In the material below, find the line containing "#4345 = ORIENTED_EDGE" and the line containing "#11769 = CARTESIAN_POINT", then reproduce exactly both of them and every line between, and nothing else.

[[ SOURCE RECORDS, beginning ]]

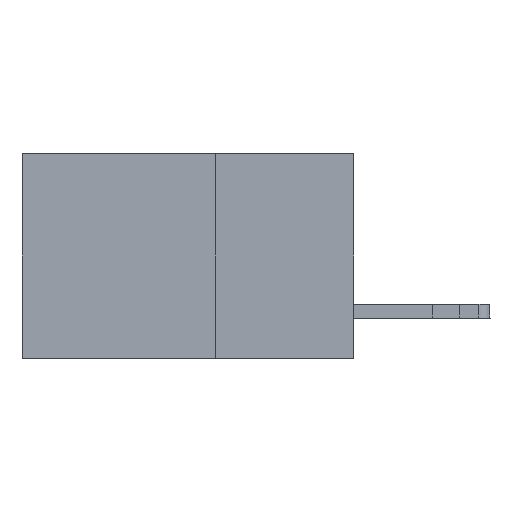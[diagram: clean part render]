
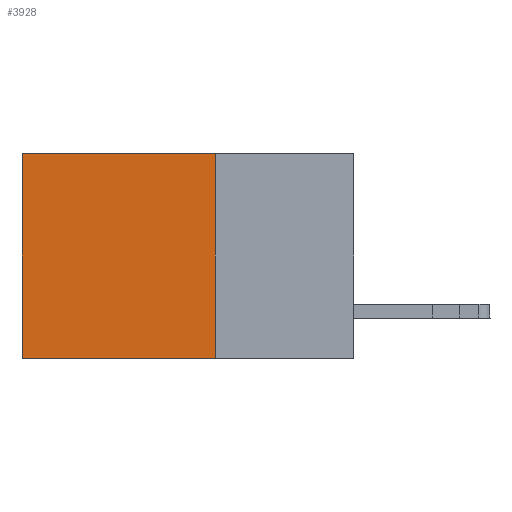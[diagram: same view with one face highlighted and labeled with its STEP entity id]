
A CAD part, left-side view. The second image highlights one B-rep face of the part: STEP entity #3928.
In plain terms, the highlighted planar face has unit normal (-1, 0, 0).
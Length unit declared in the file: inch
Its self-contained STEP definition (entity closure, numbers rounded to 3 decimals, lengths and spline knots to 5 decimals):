
#22 = ORIENTED_EDGE ( 'NONE', *, *, #7203, .T. ) ;
#225 = FACE_OUTER_BOUND ( 'NONE', #18402, .T. ) ;
#1549 = PLANE ( 'NONE',  #14396 ) ;
#1611 = DIRECTION ( 'NONE',  ( 1., 0., 0. ) ) ;
#1786 = CARTESIAN_POINT ( 'NONE',  ( 0.2875, 0.25, -0.37 ) ) ;
#2066 = CARTESIAN_POINT ( 'NONE',  ( 0.2875, 0.25, 0. ) ) ;
#3612 = VERTEX_POINT ( 'NONE', #5329 ) ;
#3730 = CARTESIAN_POINT ( 'NONE',  ( 0.2875, 0.25, -0.37 ) ) ;
#3928 = ADVANCED_FACE ( 'NONE', ( #225 ), #1549, .F. ) ;
#5329 = CARTESIAN_POINT ( 'NONE',  ( 0.2875, 0.6, 0. ) ) ;
#5442 = CARTESIAN_POINT ( 'NONE',  ( 0.2875, 0.6, 0. ) ) ;
#6929 = CARTESIAN_POINT ( 'NONE',  ( 0.2875, 0.25, 0. ) ) ;
#7147 = CARTESIAN_POINT ( 'NONE',  ( 0.2875, 0.6, -0.37 ) ) ;
#7203 = EDGE_CURVE ( 'NONE', #19378, #3612, #10417, .T. ) ;
#9109 = VECTOR ( 'NONE', #17793, 39.37008 ) ;
#9604 = DIRECTION ( 'NONE',  ( 0., 0., -1. ) ) ;
#10321 = CARTESIAN_POINT ( 'NONE',  ( 0.2875, 0.25, 0. ) ) ;
#10388 = DIRECTION ( 'NONE',  ( 0., 1., 0. ) ) ;
#10417 = LINE ( 'NONE', #6929, #19064 ) ;
#10850 = EDGE_CURVE ( 'NONE', #3612, #17394, #13515, .T. ) ;
#10888 = EDGE_CURVE ( 'NONE', #19378, #17350, #14047, .T. ) ;
#12036 = DIRECTION ( 'NONE',  ( 0., 0., -1. ) ) ;
#12334 = DIRECTION ( 'NONE',  ( 0., 0., -1. ) ) ;
#13515 = LINE ( 'NONE', #5442, #17542 ) ;
#14047 = LINE ( 'NONE', #2066, #18089 ) ;
#14396 = AXIS2_PLACEMENT_3D ( 'NONE', #20607, #1611, #12036 ) ;
#14879 = ORIENTED_EDGE ( 'NONE', *, *, #10850, .T. ) ;
#15444 = ORIENTED_EDGE ( 'NONE', *, *, #10888, .F. ) ;
#17350 = VERTEX_POINT ( 'NONE', #1786 ) ;
#17394 = VERTEX_POINT ( 'NONE', #7147 ) ;
#17542 = VECTOR ( 'NONE', #12334, 39.37008 ) ;
#17793 = DIRECTION ( 'NONE',  ( 0., 1., 0. ) ) ;
#18089 = VECTOR ( 'NONE', #9604, 39.37008 ) ;
#18402 = EDGE_LOOP ( 'NONE', ( #14879, #19083, #15444, #22 ) ) ;
#18556 = LINE ( 'NONE', #3730, #9109 ) ;
#19064 = VECTOR ( 'NONE', #10388, 39.37008 ) ;
#19083 = ORIENTED_EDGE ( 'NONE', *, *, #21225, .F. ) ;
#19378 = VERTEX_POINT ( 'NONE', #10321 ) ;
#20607 = CARTESIAN_POINT ( 'NONE',  ( 0.2875, 0.25, 0. ) ) ;
#21225 = EDGE_CURVE ( 'NONE', #17350, #17394, #18556, .T. ) ;
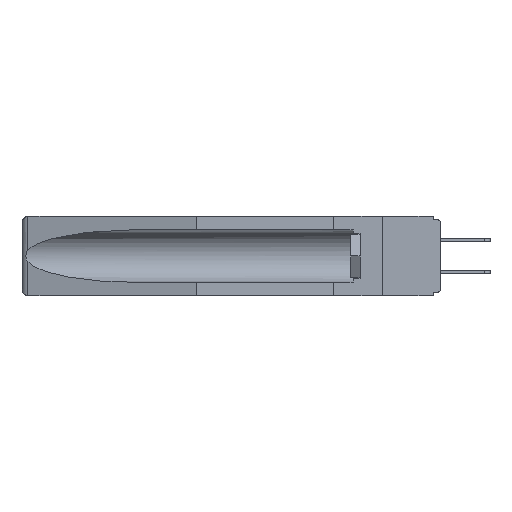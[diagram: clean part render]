
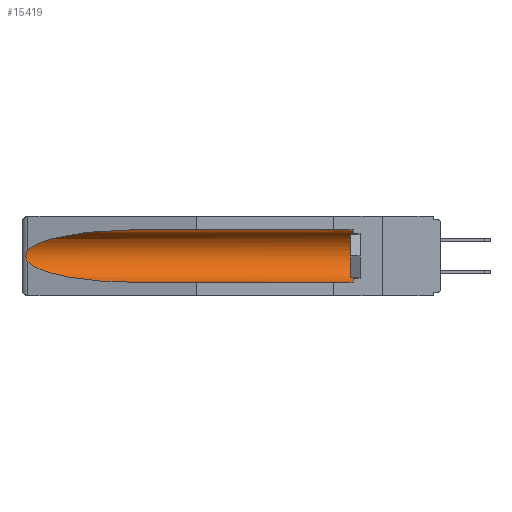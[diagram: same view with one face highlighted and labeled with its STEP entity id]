
A CAD part, left-side view. The second image highlights one B-rep face of the part: STEP entity #15419.
In plain terms, the highlighted cylindrical face has radius 2.857 mm (diameter 5.715 mm), a partial arc.
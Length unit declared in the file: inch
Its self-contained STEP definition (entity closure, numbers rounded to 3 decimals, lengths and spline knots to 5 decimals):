
#484 = EDGE_CURVE ( 'NONE', #10280, #9401, #9843, .T. ) ;
#500 = ORIENTED_EDGE ( 'NONE', *, *, #10683, .T. ) ;
#525 = AXIS2_PLACEMENT_3D ( 'NONE', #8277, #19147, #15883 ) ;
#1089 = VERTEX_POINT ( 'NONE', #16582 ) ;
#1585 = EDGE_CURVE ( 'NONE', #14257, #1089, #20422, .T. ) ;
#1818 = EDGE_CURVE ( 'NONE', #9401, #21840, #8350, .T. ) ;
#2281 = CARTESIAN_POINT ( 'NONE',  ( 0.26655, 1.53094, -0.18657 ) ) ;
#2422 = CARTESIAN_POINT ( 'NONE',  ( 0.155, -0.30754, -0.059 ) ) ;
#2552 = EDGE_CURVE ( 'NONE', #6489, #1089, #16336, .T. ) ;
#2925 = ORIENTED_EDGE ( 'NONE', *, *, #1585, .T. ) ;
#3665 = CARTESIAN_POINT ( 'NONE',  ( 0.26537, 1.52718, -0.14972 ) ) ;
#3673 = CARTESIAN_POINT ( 'NONE',  ( 0.26537, 1.52718, -0.19328 ) ) ;
#3688 = CARTESIAN_POINT ( 'NONE',  ( 0.155, 0.126, -0.1715 ) ) ;
#3972 = CARTESIAN_POINT ( 'NONE',  ( 0.2673, 1.53269, -0.17917 ) ) ;
#4345 = ORIENTED_EDGE ( 'NONE', *, *, #2552, .F. ) ;
#4392 = CARTESIAN_POINT ( 'NONE',  ( 0.26537, 1.52718, -0.14972 ) ) ;
#5066 = CYLINDRICAL_SURFACE ( 'NONE', #525, 0.1125 ) ;
#5594 = CARTESIAN_POINT ( 'NONE',  ( 0.26537, 1.52718, -0.14972 ) ) ;
#5882 = CARTESIAN_POINT ( 'NONE',  ( 0.155, 0.126, -0.284 ) ) ;
#6489 = VERTEX_POINT ( 'NONE', #5882 ) ;
#6622 = CARTESIAN_POINT ( 'NONE',  ( 0.155, -0.30754, -0.284 ) ) ;
#6852 = CARTESIAN_POINT ( 'NONE',  ( 0.155, 1.07973, -0.284 ) ) ;
#7299 = CARTESIAN_POINT ( 'NONE',  ( 0.2673, 1.5327, -0.16383 ) ) ;
#8277 = CARTESIAN_POINT ( 'NONE',  ( 0.155, -0.30754, -0.1715 ) ) ;
#8350 =( BOUNDED_CURVE ( )  B_SPLINE_CURVE ( 3, ( #20588, #13921, #13783, #3665 ),
 .UNSPECIFIED., .F., .F. ) 
 B_SPLINE_CURVE_WITH_KNOTS ( ( 4, 4 ),
 ( 4.71239, 6.08839 ),
 .UNSPECIFIED. ) 
 CURVE ( )  GEOMETRIC_REPRESENTATION_ITEM ( )  RATIONAL_B_SPLINE_CURVE ( ( 1., 0.848, 0.848, 1. ) ) 
 REPRESENTATION_ITEM ( '' )  );
#8444 = CIRCLE ( 'NONE', #10045, 0.1125 ) ;
#8760 = CARTESIAN_POINT ( 'NONE',  ( 0.26597, 1.52961, -0.15275 ) ) ;
#8984 = CARTESIAN_POINT ( 'NONE',  ( 0.2675, 1.53308, -0.16763 ) ) ;
#9129 = EDGE_CURVE ( 'NONE', #21840, #14257, #9968, .T. ) ;
#9401 = VERTEX_POINT ( 'NONE', #18868 ) ;
#9843 = LINE ( 'NONE', #2422, #16187 ) ;
#9968 = B_SPLINE_CURVE_WITH_KNOTS ( 'NONE', 3,
 ( #5594, #8760, #10684, #7299, #8984, #12390, #3972, #2281, #15503, #3673 ),
 .UNSPECIFIED., .F., .F.,
 ( 4, 2, 2, 2, 4 ),
 ( 0., 0.00029, 0.00058, 0.00087, 0.00117 ),
 .UNSPECIFIED. ) ;
#10045 = AXIS2_PLACEMENT_3D ( 'NONE', #3688, #13803, #14012 ) ;
#10280 = VERTEX_POINT ( 'NONE', #11769 ) ;
#10683 = EDGE_CURVE ( 'NONE', #6489, #10280, #8444, .T. ) ;
#10684 = CARTESIAN_POINT ( 'NONE',  ( 0.26654, 1.53092, -0.15636 ) ) ;
#10878 = FACE_OUTER_BOUND ( 'NONE', #12574, .T. ) ;
#10943 = ORIENTED_EDGE ( 'NONE', *, *, #9129, .T. ) ;
#11050 = DIRECTION ( 'NONE',  ( 0., 1., 0. ) ) ;
#11769 = CARTESIAN_POINT ( 'NONE',  ( 0.155, 0.126, -0.059 ) ) ;
#11817 = CARTESIAN_POINT ( 'NONE',  ( 0.26537, 1.52718, -0.19328 ) ) ;
#11877 = VECTOR ( 'NONE', #15106, 39.37008 ) ;
#11890 = CARTESIAN_POINT ( 'NONE',  ( 0.21114, 1.30732, -0.284 ) ) ;
#12390 = CARTESIAN_POINT ( 'NONE',  ( 0.2675, 1.53308, -0.17534 ) ) ;
#12574 = EDGE_LOOP ( 'NONE', ( #16940, #10943, #2925, #4345, #500, #18320 ) ) ;
#13783 = CARTESIAN_POINT ( 'NONE',  ( 0.25451, 1.48313, -0.09465 ) ) ;
#13803 = DIRECTION ( 'NONE',  ( 0., -1., 0. ) ) ;
#13921 = CARTESIAN_POINT ( 'NONE',  ( 0.21114, 1.30732, -0.059 ) ) ;
#14012 = DIRECTION ( 'NONE',  ( 0., 0., 1. ) ) ;
#14257 = VERTEX_POINT ( 'NONE', #19658 ) ;
#15106 = DIRECTION ( 'NONE',  ( 0., 1., 0. ) ) ;
#15419 = ADVANCED_FACE ( 'NONE', ( #10878 ), #5066, .F. ) ;
#15503 = CARTESIAN_POINT ( 'NONE',  ( 0.26597, 1.5296, -0.19026 ) ) ;
#15883 = DIRECTION ( 'NONE',  ( 0., 0., 1. ) ) ;
#16187 = VECTOR ( 'NONE', #11050, 39.37008 ) ;
#16336 = LINE ( 'NONE', #6622, #11877 ) ;
#16582 = CARTESIAN_POINT ( 'NONE',  ( 0.155, 1.07973, -0.284 ) ) ;
#16729 = CARTESIAN_POINT ( 'NONE',  ( 0.25451, 1.48313, -0.24835 ) ) ;
#16940 = ORIENTED_EDGE ( 'NONE', *, *, #1818, .T. ) ;
#18320 = ORIENTED_EDGE ( 'NONE', *, *, #484, .T. ) ;
#18868 = CARTESIAN_POINT ( 'NONE',  ( 0.155, 1.07973, -0.059 ) ) ;
#19147 = DIRECTION ( 'NONE',  ( 0., 1., 0. ) ) ;
#19658 = CARTESIAN_POINT ( 'NONE',  ( 0.26537, 1.52718, -0.19328 ) ) ;
#20422 =( BOUNDED_CURVE ( )  B_SPLINE_CURVE ( 3, ( #11817, #16729, #11890, #6852 ),
 .UNSPECIFIED., .F., .F. ) 
 B_SPLINE_CURVE_WITH_KNOTS ( ( 4, 4 ),
 ( 0.1948, 1.5708 ),
 .UNSPECIFIED. ) 
 CURVE ( )  GEOMETRIC_REPRESENTATION_ITEM ( )  RATIONAL_B_SPLINE_CURVE ( ( 1., 0.848, 0.848, 1. ) ) 
 REPRESENTATION_ITEM ( '' )  );
#20588 = CARTESIAN_POINT ( 'NONE',  ( 0.155, 1.07973, -0.059 ) ) ;
#21840 = VERTEX_POINT ( 'NONE', #4392 ) ;

[[ SOURCE RECORDS, end ]]

EXERCISE RESPONSE:
#4345 = ORIENTED_EDGE ( 'NONE', *, *, #2552, .F. ) ;
#4392 = CARTESIAN_POINT ( 'NONE',  ( 0.26537, 1.52718, -0.14972 ) ) ;
#5066 = CYLINDRICAL_SURFACE ( 'NONE', #525, 0.1125 ) ;
#5594 = CARTESIAN_POINT ( 'NONE',  ( 0.26537, 1.52718, -0.14972 ) ) ;
#5882 = CARTESIAN_POINT ( 'NONE',  ( 0.155, 0.126, -0.284 ) ) ;
#6489 = VERTEX_POINT ( 'NONE', #5882 ) ;
#6622 = CARTESIAN_POINT ( 'NONE',  ( 0.155, -0.30754, -0.284 ) ) ;
#6852 = CARTESIAN_POINT ( 'NONE',  ( 0.155, 1.07973, -0.284 ) ) ;
#7299 = CARTESIAN_POINT ( 'NONE',  ( 0.2673, 1.5327, -0.16383 ) ) ;
#8277 = CARTESIAN_POINT ( 'NONE',  ( 0.155, -0.30754, -0.1715 ) ) ;
#8350 =( BOUNDED_CURVE ( )  B_SPLINE_CURVE ( 3, ( #20588, #13921, #13783, #3665 ),
 .UNSPECIFIED., .F., .F. ) 
 B_SPLINE_CURVE_WITH_KNOTS ( ( 4, 4 ),
 ( 4.71239, 6.08839 ),
 .UNSPECIFIED. ) 
 CURVE ( )  GEOMETRIC_REPRESENTATION_ITEM ( )  RATIONAL_B_SPLINE_CURVE ( ( 1., 0.848, 0.848, 1. ) ) 
 REPRESENTATION_ITEM ( '' )  );
#8444 = CIRCLE ( 'NONE', #10045, 0.1125 ) ;
#8760 = CARTESIAN_POINT ( 'NONE',  ( 0.26597, 1.52961, -0.15275 ) ) ;
#8984 = CARTESIAN_POINT ( 'NONE',  ( 0.2675, 1.53308, -0.16763 ) ) ;
#9129 = EDGE_CURVE ( 'NONE', #21840, #14257, #9968, .T. ) ;
#9401 = VERTEX_POINT ( 'NONE', #18868 ) ;
#9843 = LINE ( 'NONE', #2422, #16187 ) ;
#9968 = B_SPLINE_CURVE_WITH_KNOTS ( 'NONE', 3,
 ( #5594, #8760, #10684, #7299, #8984, #12390, #3972, #2281, #15503, #3673 ),
 .UNSPECIFIED., .F., .F.,
 ( 4, 2, 2, 2, 4 ),
 ( 0., 0.00029, 0.00058, 0.00087, 0.00117 ),
 .UNSPECIFIED. ) ;
#10045 = AXIS2_PLACEMENT_3D ( 'NONE', #3688, #13803, #14012 ) ;
#10280 = VERTEX_POINT ( 'NONE', #11769 ) ;
#10683 = EDGE_CURVE ( 'NONE', #6489, #10280, #8444, .T. ) ;
#10684 = CARTESIAN_POINT ( 'NONE',  ( 0.26654, 1.53092, -0.15636 ) ) ;
#10878 = FACE_OUTER_BOUND ( 'NONE', #12574, .T. ) ;
#10943 = ORIENTED_EDGE ( 'NONE', *, *, #9129, .T. ) ;
#11050 = DIRECTION ( 'NONE',  ( 0., 1., 0. ) ) ;
#11769 = CARTESIAN_POINT ( 'NONE',  ( 0.155, 0.126, -0.059 ) ) ;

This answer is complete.